We believe UTR has the building blocks in place to become a leading-edge supplier of anode materials through IP licensing and/or joint manufacturing of anode materials, to be used in the future manufacture of Lithium-ion anodes. Due to superior performance characteristics of TiO2 nanotube anodes and price differential with graphite anodes, we believe the technology will be very well suited to high-end applications, such as EV batteries and premium smart phones, in particular.
Additionally, through acquisitions and licensing of complementary technologies, such as IP around LMNO cathode materials, we believe UTR can deliver complete battery solutions, for instance for the fast-growing EV market.
In terms of valuation, we believe VC-funded emerging battery technology companies provide a good gauge of valuations the market is willing to pay for promising companies, with toreDot being highly comparable to UTR.
UTR’s key challenge in the near to medium term will be to generate and subsequently convert industry interest in its TiO2 Nanotube anode materials.

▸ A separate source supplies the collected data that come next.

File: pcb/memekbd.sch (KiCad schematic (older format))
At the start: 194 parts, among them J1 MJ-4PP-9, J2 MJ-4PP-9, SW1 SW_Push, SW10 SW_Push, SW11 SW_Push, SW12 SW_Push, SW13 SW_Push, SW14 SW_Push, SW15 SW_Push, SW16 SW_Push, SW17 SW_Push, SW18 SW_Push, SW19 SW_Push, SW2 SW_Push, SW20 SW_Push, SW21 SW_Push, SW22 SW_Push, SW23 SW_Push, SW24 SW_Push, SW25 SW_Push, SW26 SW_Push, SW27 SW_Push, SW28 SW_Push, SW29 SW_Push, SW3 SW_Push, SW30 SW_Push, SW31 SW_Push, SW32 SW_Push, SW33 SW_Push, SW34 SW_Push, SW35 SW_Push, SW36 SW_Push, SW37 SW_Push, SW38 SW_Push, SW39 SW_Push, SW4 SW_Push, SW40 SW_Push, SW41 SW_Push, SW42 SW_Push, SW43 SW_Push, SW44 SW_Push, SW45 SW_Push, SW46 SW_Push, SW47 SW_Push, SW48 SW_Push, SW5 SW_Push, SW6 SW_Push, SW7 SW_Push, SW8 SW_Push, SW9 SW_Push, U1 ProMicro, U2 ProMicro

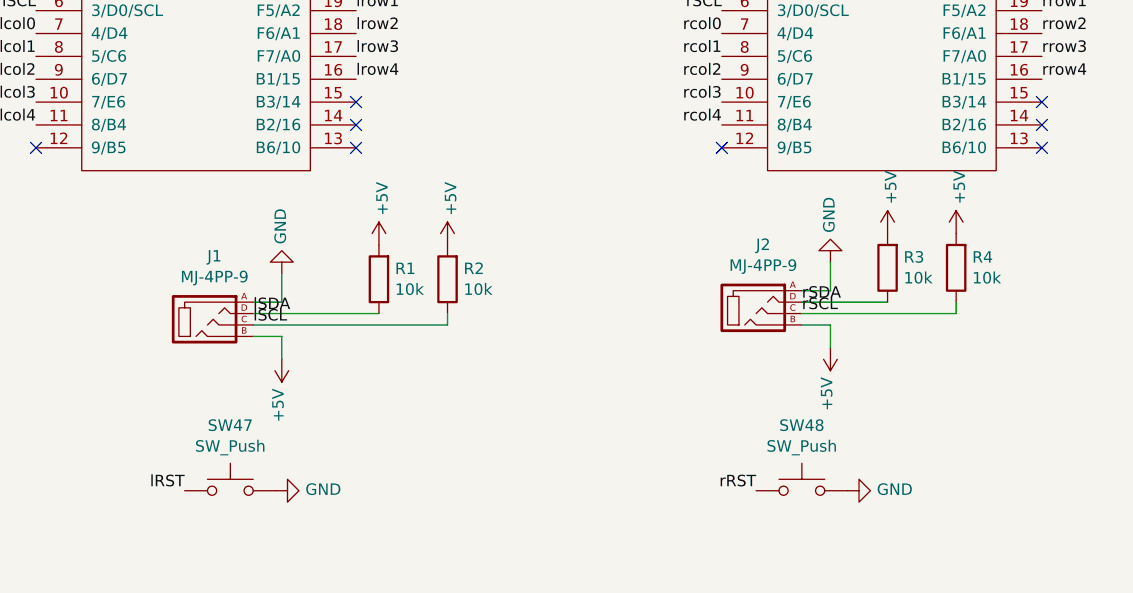
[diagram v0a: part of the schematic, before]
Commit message: Remove unnecessary libraries. Update footprints
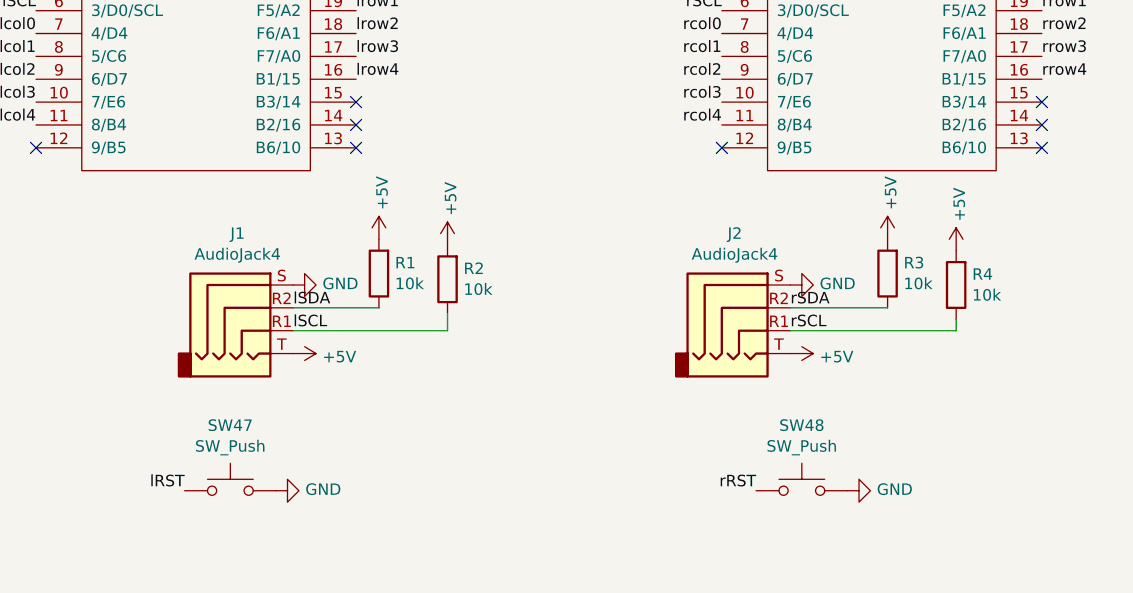
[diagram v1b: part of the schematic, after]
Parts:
- removed J1, J2: MJ-4PP-9, kbd:MJ-4PP-9_1side, symbol kbd:MJ-4PP-9
- added J1, J2: AudioJack4, Connector_Audio:Jack_3.5mm_PJ320D_Horizontal, symbol Connector:AudioJack4
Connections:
- net +5V: now also J1.T, J2.T
- net GND: now also J1.S, J2.S
- net lSCL: now also J1.R1
- net lSDA: now also J1.R2
- net rSCL: now also J2.R1
- net rSDA: now also J2.R2
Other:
- moved on the sheet: R1, R3, R4
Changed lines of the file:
@@
 $EndComp
 $Comp
-L power:GND #PWR0127
-U 1 1 60D9B386
-P 15875 3500
-F 0 "#PWR0127" H 15875 3250 50  0001 C CNN
-F 1 "GND" V 15880 3372 50  0000 R CNN
-F 2 "" H 15875 3500 50  0001 C CNN
-F 3 "" H 15875 3500 50  0001 C CNN
-	1    15875 3500
-	-1   0    0    1
-$EndComp
-$Comp
 L power:GND #PWR0122
 U 1 1 60D9BE71
@@
 $EndComp
 $Comp
-L power:+5V #PWR0128
-U 1 1 60D9D453
-P 15875 3875
-F 0 "#PWR0128" H 15875 3725 50  0001 C CNN
-F 1 "+5V" V 15890 4003 50  0000 L CNN
-F 2 "" H 15875 3875 50  0001 C CNN
-F 3 "" H 15875 3875 50  0001 C CNN
-	1    15875 3875
-	-1   0    0    1
-$EndComp
-$Comp
 L power:GND #PWR0140
 U 1 1 60D9EE51
@@
 $EndComp
 Wire Wire Line
-	16600 3725 16600 3675
-Wire Wire Line
-	15750 3725 16600 3725
-Text Label 15750 3675 0    50   ~ 0
-lSDA
-Text Label 15750 3725 0    50   ~ 0
+	16600 3750 16600 3675
+Text Label 15925 3750 0    50   ~ 0
 lSCL
 Text Label 17800 2250 2    50   ~ 0
@@
 L Device:R R3
 U 1 1 60E5D7AF
-P 18525 3475
-F 0 "R3" H 18455 3429 50  0000 R CNN
-F 1 "10k" H 18455 3520 50  0000 R CNN
-F 2 "Resistor_THT:R_Axial_DIN0207_L6.3mm_D2.5mm_P7.62mm_Horizontal" V 18455 3475 50  0001 C CNN
-F 3 "~" H 18525 3475 50  0001 C CNN
-	1    18525 3475
+P 18525 3500
+F 0 "R3" H 18455 3454 50  0000 R CNN
+F 1 "10k" H 18455 3545 50  0000 R CNN
+F 2 "Resistor_THT:R_Axial_DIN0207_L6.3mm_D2.5mm_P7.62mm_Horizontal" V 18455 3500 50  0001 C CNN
+F 3 "~" H 18525 3500 50  0001 C CNN
+	1    18525 3500
 	-1   0    0    1
 $EndComp
@@
 L power:+5V #PWR0138
 U 1 1 60E5D7B5
-P 18525 3325
-F 0 "#PWR0138" H 18525 3175 50  0001 C CNN
-F 1 "+5V" V 18540 3453 50  0000 L CNN
-F 2 "" H 18525 3325 50  0001 C CNN
-F 3 "" H 18525 3325 50  0001 C CNN
-	1    18525 3325
+P 18525 3350
+F 0 "#PWR0138" H 18525 3200 50  0001 C CNN
+F 1 "+5V" V 18540 3478 50  0000 L CNN
+F 2 "" H 18525 3350 50  0001 C CNN
+F 3 "" H 18525 3350 50  0001 C CNN
+	1    18525 3350
 	1    0    0    -1
 $EndComp
@@
 L Device:R R4
 U 1 1 60E5D7BB
-P 18825 3475
-F 0 "R4" H 18755 3429 50  0000 R CNN
-F 1 "10k" H 18755 3520 50  0000 R CNN
-F 2 "Resistor_THT:R_Axial_DIN0207_L6.3mm_D2.5mm_P7.62mm_Horizontal" V 18755 3475 50  0001 C CNN
-F 3 "~" H 18825 3475 50  0001 C CNN
-	1    18825 3475
+P 18825 3550
+F 0 "R4" H 18755 3504 50  0000 R CNN
+F 1 "10k" H 18755 3595 50  0000 R CNN
+F 2 "Resistor_THT:R_Axial_DIN0207_L6.3mm_D2.5mm_P7.62mm_Horizontal" V 18755 3550 50  0001 C CNN
+F 3 "~" H 18825 3550 50  0001 C CNN
+	1    18825 3550
 	-1   0    0    1
 $EndComp
@@
 L power:+5V #PWR0139
 U 1 1 60E5D7C1
-P 18825 3325
-F 0 "#PWR0139" H 18825 3175 50  0001 C CNN
-F 1 "+5V" V 18840 3453 50  0000 L CNN
-F 2 "" H 18825 3325 50  0001 C CNN
-F 3 "" H 18825 3325 50  0001 C CNN
-	1    18825 3325
+P 18825 3400
+F 0 "#PWR0139" H 18825 3250 50  0001 C CNN
+F 1 "+5V" V 18840 3528 50  0000 L CNN
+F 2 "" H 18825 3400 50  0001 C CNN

If and when successful, we believe there will be substantial upside to the company’s valuation.
Hence, we start our coverage of UTR with a BUY rating and a price target of A$ 0.09 per share.
Near term share price drivers:
- MOU’s and /or commercial IP deals with suppliers to the Lithium-ion battery industry as well as to battery manufacturers directly will support the business case.
- The production scale-up of TiO2 nanotube test materials will enable UTR to have more prospects test the technology, which would expedite the commercial roll out. We expect news flow around volume scale-up in the next several months.
- A joint venture agreement with one of the large TiO2 manufacturers, to potentially start joint nanotube manufacturing, is actively being pursued by UTR.